Q2. Do you consider the way litigation funders’ share of settlement sums or damages awards is approached currently to be fair and/or proportionate? Please provide reasoning to support your answer.

How could it be improved?

Q3. We are aware that recommendation 57 made by the CJC in its report on litigation funding proposes the introduction of an Access to Justice Fund. However, we would like to explore options for funding cases in the context of the CAT specifically.

Are there lessons to be drawn from other models of funding that could support access to the regime?

For example, Contingent Legal Aid Funds provide financial support for cases where funding would otherwise be unavailable, with the fund being replenished by a portion of settlement sums or damages where a case is successful. An example of this is the Ontario Class Proceedings Fund in Canada.

Q4. How has the secondary market in litigation funding developed? Do you consider that there have been any subsequent impacts on transparency and client confidentiality?

Q5. The CJC made recommendations in its report on litigation funding in relation to terms and approval of litigation funding agreements (for example, recommendations 19 and 20). However, we would like to understand more about litigation funding agreements used in cases before the CAT specifically.

Are funding agreements fair and transparent for class members and clear for the court to understand?

  • If not, why?

  • How could they be improved?

Q6. Is funding provision for the full potential cost of a claim sufficiently considered on the commencement of claims under the regime?

Q7. Recommendation 15 of the CJC report on litigation funding proposes a binding dispute resolution process for funders and funded parties. However, we would like to explore further how conflict between litigation funders and class representatives could be approached.

To what extent should extra-curial dispute resolution be used or required to be used to resolve conflict between the funder and class representative or class?

Scope and certification of cases

The CAT must carry out a certification process for all proposed opt-out collective actions, to prevent ineligible claims from progressing in that form. In recent years, as the opt-out caseload has increased so has the range of cases certified by the CAT.

It is important that judicial independence is preserved in relation to this decision-making, and we are not seeking to comment or take a view on specific decisions made by the judiciary.

However, we would like to consider the elements of a certification decision and welcome evidence and views on trends in certification. We would also welcome consideration more widely of ways in which clarity on liability exposure could be increased for businesses.

Q8. Is the current scope of the regime appropriate?

Q9. How are cases which cut across multiple areas (for example, environmental protection or data) dealt with?

Is this appropriate?

Are certification decisions sufficiently predictable and transparent for parties?

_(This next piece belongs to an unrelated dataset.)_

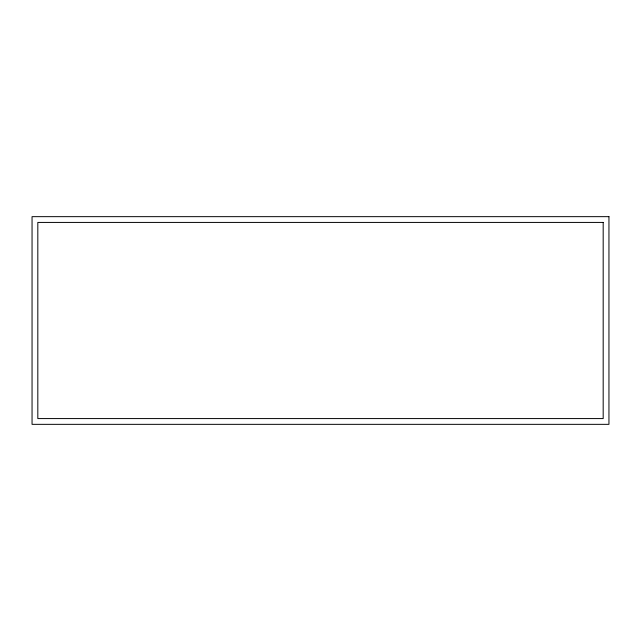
<?xml version="1.0" encoding="UTF-8"?>
<svg xmlns="http://www.w3.org/2000/svg" width="641" height="641" viewBox="0 0 641 641"><rect width="100%" height="100%" fill="white"/><g stroke="black" fill="none" stroke-linecap="round" stroke-linejoin="round"><path stroke-width="0.96" d="M608.95 216.658L32.05 216.658L32.05 424.342L608.95 424.342L608.95 216.658M603.181 222.427L37.819 222.427L37.819 418.573L603.181 418.573L603.181 222.427"/></g></svg>

Q10. What approach should be taken if the same issues are concurrently being investigated by the CMA and brought before the CAT?

Q11. Do you consider that there is currently sufficient certainty for businesses in relation to the level of liability they face under the opt-out collective actions regime?

If not, why?

What additional measures do you consider could be introduced to provide increased certainty?

Q12. Are there circumstances where it would be appropriate to provide protection to businesses from liability?

For example, might this be a consideration in certain circumstances in which businesses have cooperated with the CMA in a prior investigation?

Q13. Should there be specific requirements in order to be eligible to act as a class representative?

Q14. Do you feel the current rules for class representatives are clear enough regarding the relationship between the class, class representative and funder and how to manage potential conflicts of interest?

Whilst we are aware that conflicts of interest between funders and funded parties are covered in recommendation 14 of the final report in the CJC’s review of litigation funding, we are interested in exploring this topic in the unique landscape of the opt-out regime.

Q15. Should there be more defined rules on what cases can be certified as opt-out proceedings?

ADR, settlement and damages

The key driver behind the introduction of the opt-out collective actions regime was to make access to redress more straightforward and cost-effective. Collective actions also provide a clear deterrent effect.

However, litigation is not the only option for pursuing compensation, and – for the benefit of both potential claimants and potential defendants – other routes to redress may be more effective. We also want to examine what remedies are considered, and whether there could be alternatives to financial damages.

Q16. Do you have any experience of involvement in ADR to resolve a loss suffered by consumers as a result of anti-competitive behaviour?

If so, what kind of ADR have you engaged in and how common is this in your experience?

If not, why not? What would make it more likely for you to consider this option in the future?

To what extent does the prospect of engaging in ADR deter businesses from wrongdoing?

How far do you believe that appropriate redress for class members can be achieved by ADR?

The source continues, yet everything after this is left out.